Cano Health's Clear Path to Sustainable Profitability
Cano Health believes that it is meaningfully undervalued
relative to peers based on its Medicare membership base, recent
earnings performance of core operations, and cash burn per net new
member5. The Company's Board and management are taking
immediate and decisive action to realize the full potential of the
platform and close the gap between intrinsic value and current
market value.
This plan consists of sharpening the Company's focus on Medicare
Advantage including conducting a process to divest non-core assets;
unlocking embedded medical center profitability; streamlining
operations; strengthening cash flows; and optimizing Cano Health's
management team and governance. Cano Health is confident in its
ability to achieve this plan for the following reasons:
- The Company continues to benefit from a growing and highly
profitable Florida market with a
path to unlock tremendous embedded value in high-growth,
non-Florida markets.
- A vintage analysis of Cano Health's 60 de novo medical centers
demonstrates a significant inflection point in average member
growth and profitability between years one and three of those
centers' openings, as well as average Adjusted EBITDA6
profitability of approximately $4
million by Year 4. We believe that the maturation of de novo
and existing medical centers presents a significant Adjusted EBITDA
opportunity over time.
- The appointment of Mark Kent as
Chief Strategy Officer has already enabled the Company to
consolidate functions and increase internal cooperation amongst
essential areas. Further, the Company recently appointed
Frederick Green as its Interim Chief
Legal Officer to work with the Board and the Company's management
team to implement and maintain best-in-class corporate governance
practices, support execution of the stockholder value creation
strategy, and identify a permanent successor for his position.

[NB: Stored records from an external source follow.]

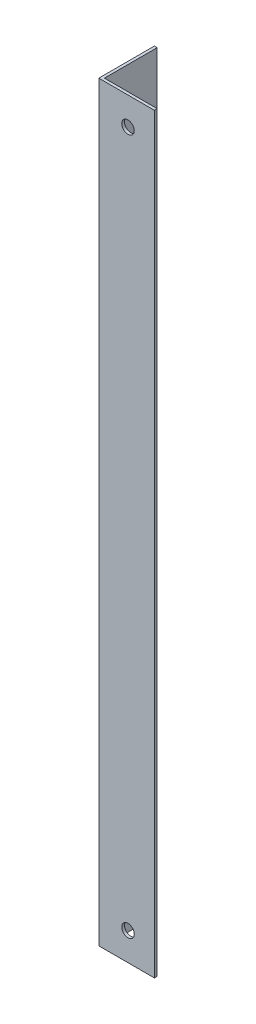
SolidWorks part; units mm, degrees
material "1060 Сплав"
ref_plane "Спереди" through (0, 0, 0) normal (0, 0, 1) x (1, 0, 0)
ref_plane "Сверху" through (0, 0, 0) normal (0, 1, 0) x (1, 0, 0)
ref_plane "Справа" through (0, 0, 0) normal (1, 0, 0) x (0, 0, -1)
sketch "Эскиз1" plane through (0, 0, 0) normal (0, 1, 0) x (1, 0, 0)
  line L0 (0, 0) -> (0, 20)
  line L1 (0, 20) -> (1, 20)
  line L2 (1, 20) -> (1, 1)
  line L3 (1, 1) -> (20, 1)
  line L4 (20, 1) -> (20, 0)
  line L5 (20, 0) -> (0, 0)
  dimension "D1" = 1
  dimension "D2" = 20
extrude "Бобышка-Вытянуть1" add sketch "Эскиз1" along normal blind 270
sketch "Эскиз2" plane through (1, 0, 0) normal (1, 0, 0) x (0, 0, -1)
  circle A0 centre (10.5, 29.5) radius 2.25 construction
  circle A1 centre (10.5, 29.5) radius 2.25
extrude "Вырез-Вытянуть1" cut sketch "Эскиз2" against normal through all
sketch "Эскиз3" plane through (0, 0, -1) normal (0, 0, -1) x (-1, 0, 0)
  line L0 (-10.5, 0) -> (-10.5, 10) construction
  line L1 (-20, 0) -> (-1, 0) construction
  circle A0 centre (-10.5, 10) radius 2.25
  dimension "D2" = 4.5
  dimension "D1" = 10
extrude "Вырез-Вытянуть2" cut sketch "Эскиз3" against normal through all
sketch "Эскиз4" plane through (0, 0, -1) normal (0, 0, -1) x (-1, 0, 0)
  line L0 (-10.5, 270) -> (-10.5, 260) construction
  line L1 (-20, 270) -> (-1, 270) construction
  circle A0 centre (-10.5, 260) radius 2.25
  dimension "D2" = 4.5
  dimension "D1" = 10
extrude "Вырез-Вытянуть3" cut sketch "Эскиз4" against normal through all
sketch "Эскиз5" plane through (1, 0, 0) normal (1, 0, 0) x (0, 0, -1)
  circle A0 centre (10.5, 180.5) radius 2.25 construction
  circle A1 centre (10.5, 180.5) radius 2.25
extrude "Вырез-Вытянуть4" cut sketch "Эскиз5" against normal through all
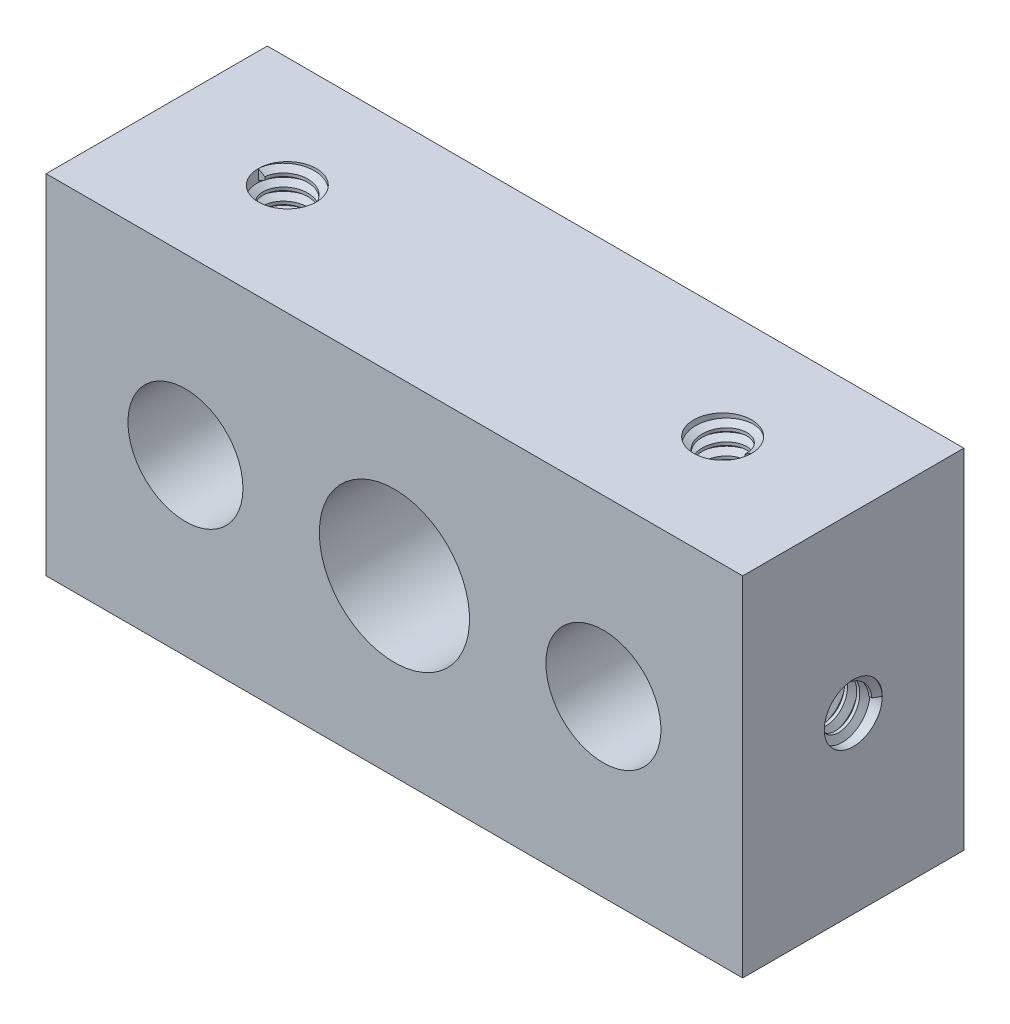
SolidWorks part; units mm, degrees
ref_plane "Front Plane" through (0, 0, 0) normal (0, 0, 1) x (1, 0, 0)
ref_plane "Top Plane" through (0, 0, 0) normal (0, 1, 0) x (1, 0, 0)
ref_plane "Right Plane" through (0, 0, 0) normal (1, 0, 0) x (0, 0, -1)
sketch "Sketch2" plane through (0, 0, 0) normal (0, 1, 0) x (1, 0, 0)
  line L0 (-20, 0) -> (20, 0) construction
  line L1 (-20, 6.35) -> (20, 6.35)
  line L2 (-20, 6.35) -> (-20, -6.35)
  line L3 (-20, -6.35) -> (20, -6.35)
  line L4 (20, 6.35) -> (20, -6.35)
  point P4 (0, 0)
  point P7 (12.5, 0)
  point P9 (-12.5, 0)
  dimension "D1" = 40
  dimension "D2" = 12.7
  dimension "D3" = 12.5
  dimension "D4" = 12.5
extrude "Boss-Extrude1" add sketch "Sketch2" along normal blind 20
hole_wizard "Tap Drill for M4x0.7 Tap1" positions "Sketch3" profile "Sketch4" hole size "M4x0.7" standard "ANSI Metric"
sketch "Sketch3" plane through (0, 0, 0) normal (0, -1, 0) x (-1, 0, 0)
  point P0 (-12.5, 0)
  point P3 (12.5, 0)
  dimension "D1" = 12.5
sketch "Sketch4" plane through (12.5, 0, 0) normal (1, 0, 0) x (0, 0, -1)
  line L0 (0, 0) -> (0, 5.9914)
  line L1 (0, 5.9914) -> (1.65, 5)
  line L2 (1.65, 5) -> (1.65, 0)
  line L5 (1.65, 0) -> (0, 0)
  line L10 (0, 5.9914) -> (-1.65, 5) construction
  line L11 (0, -6.35) -> (0, 107.95) construction
  dimension "Hole Dia." = 3.3
  dimension "Hole Depth" = 5
  dimension "Drill Angle" = 118
sketch "Sketch5" plane through (0, 0, -6.35) normal (0, 0, -1) x (-1, 0, 0)
  line L0 (-12, 10) -> (12, 10) construction
  line L1 (20, 0) -> (-20, 0) construction
  point P0 (-12, 10)
  point P1 (12, 10)
  point P6 (0, 10)
  dimension "D1" = 10
  dimension "D2" = 12
hole_wizard "Ø1.0mm Dowel Hole1" positions "Sketch6" profile "Sketch7" hole size "Ø1.0" standard "ANSI Metric"
sketch "Sketch6" plane through (0, 0, -6.35) normal (0, 0, -1) x (-1, 0, 0)
  line L0 (-12, 10) -> (12, 10) construction
  point P0 (0, 10)
sketch "Sketch7" plane through (0, 10, -6.35) normal (1, 0, 0) x (0, 1, 0)
  line L0 (0, 0) -> (0, 20.5907)
  line L1 (0, 20.5907) -> (4.3116, 18)
  line L2 (4.3116, 18) -> (4.3116, 0)
  line L5 (4.3116, 0) -> (0, 0)
  line L10 (0, 20.5907) -> (-4.3117, 18) construction
  line L11 (0, -6.35) -> (0, 107.95) construction
  dimension "Hole Dia." = 8.6233
  dimension "Hole Depth" = 18
  dimension "Drill Angle" = 118
sketch "Sketch8" plane through (-20, 0, 0) normal (-1, 0, 0) x (0, 0, 1)
  line L0 (-6.35, 10) -> (6.35, 10) construction
  line L1 (-6.35, 20) -> (-6.35, 0) construction
  line L2 (6.35, 20) -> (6.35, 0) construction
  circle A0 centre (0, 10) radius 1.666
  point P6 (0, 10)
  dimension "D1" = 3.332
extrude "Cut-Extrude1" cut sketch "Sketch8" against normal blind 8
thread "Thread2" pitch 0.7 start angle 0, offset 0, length 8, pitch 0.7, diameter 3.332
ref_plane "Plane3" through (-20, 10, -1.666) normal (0, -1, 0) x (0, 0, -1)
sketch "Thread Profile3" plane through (-20, 10, -1.666) normal (0, -1, 0) x (0, 0, -1)
  line L0 (0, 0) -> (0, 0.7) construction
  line L11 (0, 0) -> (0, 0.6125)
  line L12 (0, 0.6125) -> (-0.3789, 0.3937)
  line L13 (-0.3789, 0.3937) -> (-0.3789, 0.2187)
  line L15 (-0.3789, 0.2187) -> (0, 0)
  line L17 (-0.3789, 0.3062) -> (0, 0.3062) construction
  point P2 (0, 0)
  dimension "Pitch" = 0.7
  dimension "Profile_Angle" = 60
  dimension "Profile_Land" = 0.175
  dimension "Profile_Height" = 0.3789
mirror "Mirror3" about plane through (0, 0, 0) normal (1, 0, 0) of "Cut-Extrude1", "Thread2"
sketch "Sketch9" plane through (0, 20, 0) normal (0, 1, 0) x (1, 0, 0)
  line L0 (-12.5, 0) -> (12.5, 0) construction
  point P3 (0, 0)
  point P4 (-12.5, 0)
  point P5 (12.5, 0)
  dimension "D1" = 25
hole_wizard "Tap Drill for M4 Tap1" positions "Sketch10" profile "Sketch11" hole size "M4" standard "ISO"
sketch "Sketch10" plane through (0, 20, 0) normal (0, 1, 0) x (1, 0, 0)
  point P0 (-12.5, 0)
  point P3 (12.5, 0)
sketch "Sketch11" plane through (-12.5, 20, 0) normal (1, 0, 0) x (0, 0, 1)
  line L0 (0, 0) -> (0, 5.826)
  line L1 (0, 5.826) -> (1.666, 4.825)
  line L2 (1.666, 4.825) -> (1.666, 0)
  line L5 (1.666, 0) -> (0, 0)
  line L10 (0, 5.826) -> (-1.666, 4.825) construction
  line L11 (0, -6.35) -> (0, 107.95) construction
  dimension "Hole Dia." = 3.332
  dimension "Hole Depth" = 4.825
  dimension "Drill Angle" = 118
thread "Thread3" pitch 0.7 profile "Thread Profile4" start angle 0, offset 0, length 2.825, pitch 0.7, diameter 3.332
ref_plane "Plane4" through (-14.166, 20, 0) normal (0, 0, 1) x (-1, 0, 0)
sketch "Thread Profile4" plane through (-14.166, 20, 0) normal (0, 0, 1) x (-1, 0, 0)
  line L0 (0, 0) -> (0, 0.7) construction
  line L11 (0, 0) -> (0, 0.6125)
  line L12 (0, 0.6125) -> (-0.3789, 0.3937)
  line L13 (-0.3789, 0.3937) -> (-0.3789, 0.2187)
  line L15 (-0.3789, 0.2187) -> (0, 0)
  line L17 (-0.3789, 0.3062) -> (0, 0.3062) construction
  point P2 (0, 0)
  dimension "Pitch" = 0.7
  dimension "Profile_Angle" = 60
  dimension "Profile_Land" = 0.175
  dimension "Profile_Height" = 0.3789
mirror "Mirror4" about plane through (0, 0, 0) normal (1, 0, 0) of "Thread3"
sketch "Sketch14" plane through (0, 0, -6.35) normal (0, 0, -1) x (-1, 0, 0)
  line L0 (0, 10) -> (-12, 10) construction
  circle A0 centre (-12, 10) radius 3.302
  circle A1 centre (0, 10) radius 4.3116 construction
  dimension "D2" = 6.604
  dimension "D1" = 12
extrude "Cut-Extrude2" cut sketch "Sketch14" against normal through all
mirror "Mirror5" about plane through (0, 0, 0) normal (1, 0, 0) of "Cut-Extrude2"
thread "Thread4" pitch 0.7 profile "Thread Profile5" start angle 0, offset 0, length 0, pitch 0.7, diameter 3.3
ref_plane "Plane5" through (14.15, 0, 0) normal (0, 0, 1) x (1, 0, 0)
sketch "Thread Profile5" plane through (14.15, 0, 0) normal (0, 0, 1) x (1, 0, 0)
  line L0 (0, 0) -> (0, 0.7) construction
  line L11 (0, 0) -> (0, 0.6125)
  line L12 (0, 0.6125) -> (-0.3789, 0.3937)
  line L13 (-0.3789, 0.3937) -> (-0.3789, 0.2187)
  line L15 (-0.3789, 0.2187) -> (0, 0)
  line L17 (-0.3789, 0.3062) -> (0, 0.3062) construction
  point P2 (0, 0)
  dimension "Pitch" = 0.7
  dimension "Profile_Angle" = 60
  dimension "Profile_Land" = 0.175
  dimension "Profile_Height" = 0.3789
mirror "Mirror6" about plane through (0, 0, 0) normal (1, 0, 0) of "Thread4"
equation "\"H\" = 12"
equation "\"D\" = 6.604"
equation "\"D2@Sketch14\"=\"D\""
equation "\"D1@Sketch14\"=\"H\""
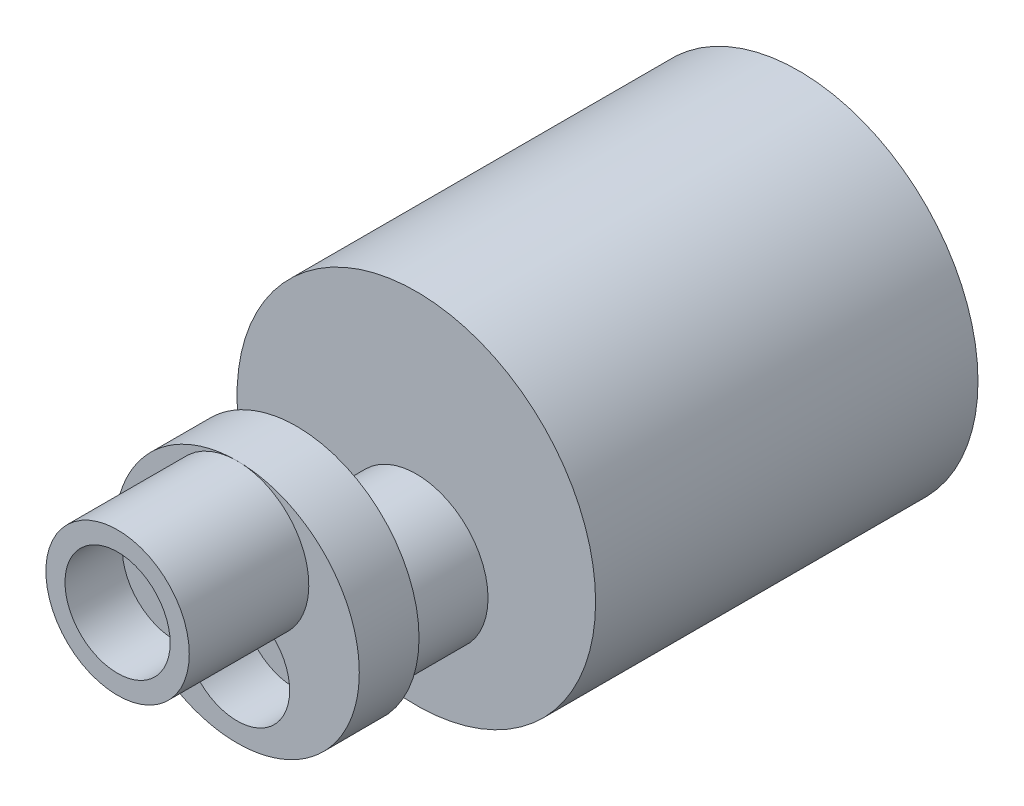
SolidWorks part; units mm, degrees
ref_plane "Front Plane" through (0, 0, 0) normal (0, 0, 1) x (1, 0, 0)
ref_plane "Top Plane" through (0, 0, 0) normal (0, 1, 0) x (1, 0, 0)
ref_plane "Right Plane" through (0, 0, 0) normal (1, 0, 0) x (0, 0, -1)
sketch "Sketch1" plane through (0, 0, 0) normal (0, 0, 1) x (1, 0, 0)
  circle A0 centre (0, 0) radius 7.5
  dimension "D1" = 15
extrude "Boss-Extrude1" add sketch "Sketch1" along normal blind 16
sketch "Sketch2" plane through (0, 0, 16) normal (0, 0, 1) x (1, 0, 0)
  circle A0 centre (0, -2.1125) radius 3
  dimension "D2" = 6
  dimension "D1" = 2.1125
extrude "Boss-Extrude2" add sketch "Sketch2" along normal blind 5
sketch "Sketch3" plane through (0, 0, 21) normal (0, 0, 1) x (1, 0, 0)
  circle A0 centre (0, 0) radius 5.1125
  dimension "D1" = 10.225
extrude "Boss-Extrude3" add sketch "Sketch3" along normal blind 2.5 contours A0
sketch "Sketch5" plane through (0, 0, 23.5) normal (0, 0, 1) x (1, 0, 0)
  circle A0 centre (0, 2.1125) radius 3
  dimension "D1" = 6
  dimension "D2" = 2.1125
extrude "Boss-Extrude4" add sketch "Sketch5" along normal blind 5
hole_wizard "CBORE for M2 Hex Socket Head Cap Screw1" positions "Sketch6" profile "Sketch8" counterbore size "M2" standard "ISO" end condition up to next
sketch "Sketch6" plane through (0, 0, 28.5) normal (0, 0, 1) x (1, 0, 0)
  circle A2 centre (0, 2.1125) radius 3
  circle A3 centre (0, 2.1125) radius 3
  point P5 (0, 2.1125)
  dimension "D1" = 0
sketch "Sketch8" plane through (0, 2.1125, 28.5) normal (1, 0, 0) x (0, -1, 0)
  line L0 (0, 0) -> (0, 7.5)
  line L1 (0, 7.5) -> (1.2, 7.5)
  line L3 (1.2, 7.5) -> (1.2, 2.4)
  line L4 (1.2, 2.4) -> (2.2, 2.4)
  line L5 (2.2, 2.4) -> (2.2, 0)
  line L7 (2.2, 0) -> (0, 0)
  line L11 (0, -6.35) -> (0, 107.95) construction
  dimension "Thru Hole Dia." = 2.4
  dimension "Thru Hole Depth" = 7.5
  dimension "C'Bore Dia." = 4.4
  dimension "C'Bore Depth" = 2.4
hole_wizard "CBORE for M2 Hex Socket Head Cap Screw2" positions "Sketch12" profile "Sketch10" counterbore size "M2" standard "ISO"
sketch "Sketch12" plane through (0, 0, 23.5) normal (0, 0, 1) x (1, 0, 0)
  circle A0 centre (0, -2.1125) radius 3 construction
  circle A1 centre (0, -2.1125) radius 3
  point P0 (0, -2.1125)
sketch "Sketch10" plane through (0, -2.1125, 23.5) normal (1, 0, 0) x (0, -1, 0)
  line L0 (0, 0) -> (0, 14.721)
  line L1 (0, 14.721) -> (1.2, 14)
  line L2 (1.2, 14) -> (1.2, 2.4)
  line L3 (1.2, 2.4) -> (2.2, 2.4)
  line L4 (2.2, 2.4) -> (2.2, 0)
  line L5 (2.2, 0) -> (0, 0)
  line L10 (0, 14.721) -> (-1.2, 14) construction
  line L11 (0, -6.35) -> (0, 107.95) construction
  dimension "Hole Dia." = 2.4
  dimension "Hole Depth" = 14
  dimension "C'Bore Dia." = 4.4
  dimension "C'Bore Depth" = 2.4
  dimension "Drill Angle" = 118
equation "\"roller_radius\"= 6.5"
equation "\"eccentricity\"= \"roller_radius\" * 0.325"
equation "\"outer_radius\"= 40"
equation "\"eccentric_shaft_radius\"= 16"
equation "\"rotor_width\"= 10"
equation "\"housing_depth\"= 40"
equation "\"bottom_depth\"= 5"
equation "\"roller_bearing_OD\"= \"roller_radius\" * 2"
equation "\"roller_bearing_ID\"= 6"
equation "\"eccentric_bearing_ID\"= 6"
equation "\"eccentric_bearing_OD\"= 15"
equation "\"roller_bearing_height\"= 5"
equation "\"eccentric_bearing_height\"= 5"
equation "\"bottom_bearing_ID\"= 15"
equation "\"bottom_bearing_OD\"= 32"
equation "\"bottom_bearing_height\"= 9"
equation "\"distance_to_output_rotor_holes\"= 20"
equation "\"D1@Sketch1\"=\"bottom_bearing_ID\""
equation "\"D1@Boss-Extrude1\"=\"bottom_bearing_height\"+7"
equation "\"D1@Sketch2\"=\"eccentricity\""
equation "\"D2@Sketch2\"=\"eccentric_bearing_ID\""
equation "\"D1@Boss-Extrude2\"=\"eccentric_bearing_height\""
equation "\"D1@Sketch5\"=\"eccentric_bearing_ID\""
equation "\"D2@Sketch5\"=\"eccentricity\""
equation "\"D1@Boss-Extrude4\"=\"eccentric_bearing_height\""
equation "\"output_bearing_ID\" = 25"
equation "\"output_bearing_OD\" = 37"
equation "\"output_bearing_height\" = 7"
equation "\"number_of_rollers\" = 15"
equation "\"housing_height\" = 27"
equation "\"spacer_1\" = 7"
equation "\"spacer_2\" = 2.5"
equation "\"spacer_3\" = 7.5"
equation "\"roller_pin_depth\" = 5"
equation "\"D1@Boss-Extrude3\"=\"spacer_2\""

Cano Health's Highly Qualified and Independent Board
The Company's current Board has the right mix of skills and
experience to oversee the Company's action plan, strengthen
governance practices, and create value for all
stockholders:
- The two independent directors standing for re-election, Dr.
Alan Muney and Kim Rivera, bring to the Board significant
healthcare experience and demonstrated track records of driving
stockholder value. For example:
-
- While Dr. Muney served as Chief Medical Officer at Oxford
Health Plans and Cigna, both companies outperformed the S&P 500
by 224% and 189%, respectively.7
- During Ms. Rivera's tenure as Chief Legal Officer at DaVita and
HP, both companies outperformed the S&P 500 by 53% and 76%,
respectively, and Thomson Reuters has outperformed the S&P 500
by 57%8 during her time on the Board of Directors.
- Over the past several months, the Board has implemented
necessary and ongoing governance improvements, including the recent
separation of the Chairman and CEO positions as well as a review
and enhancement of certain company policies and procedures.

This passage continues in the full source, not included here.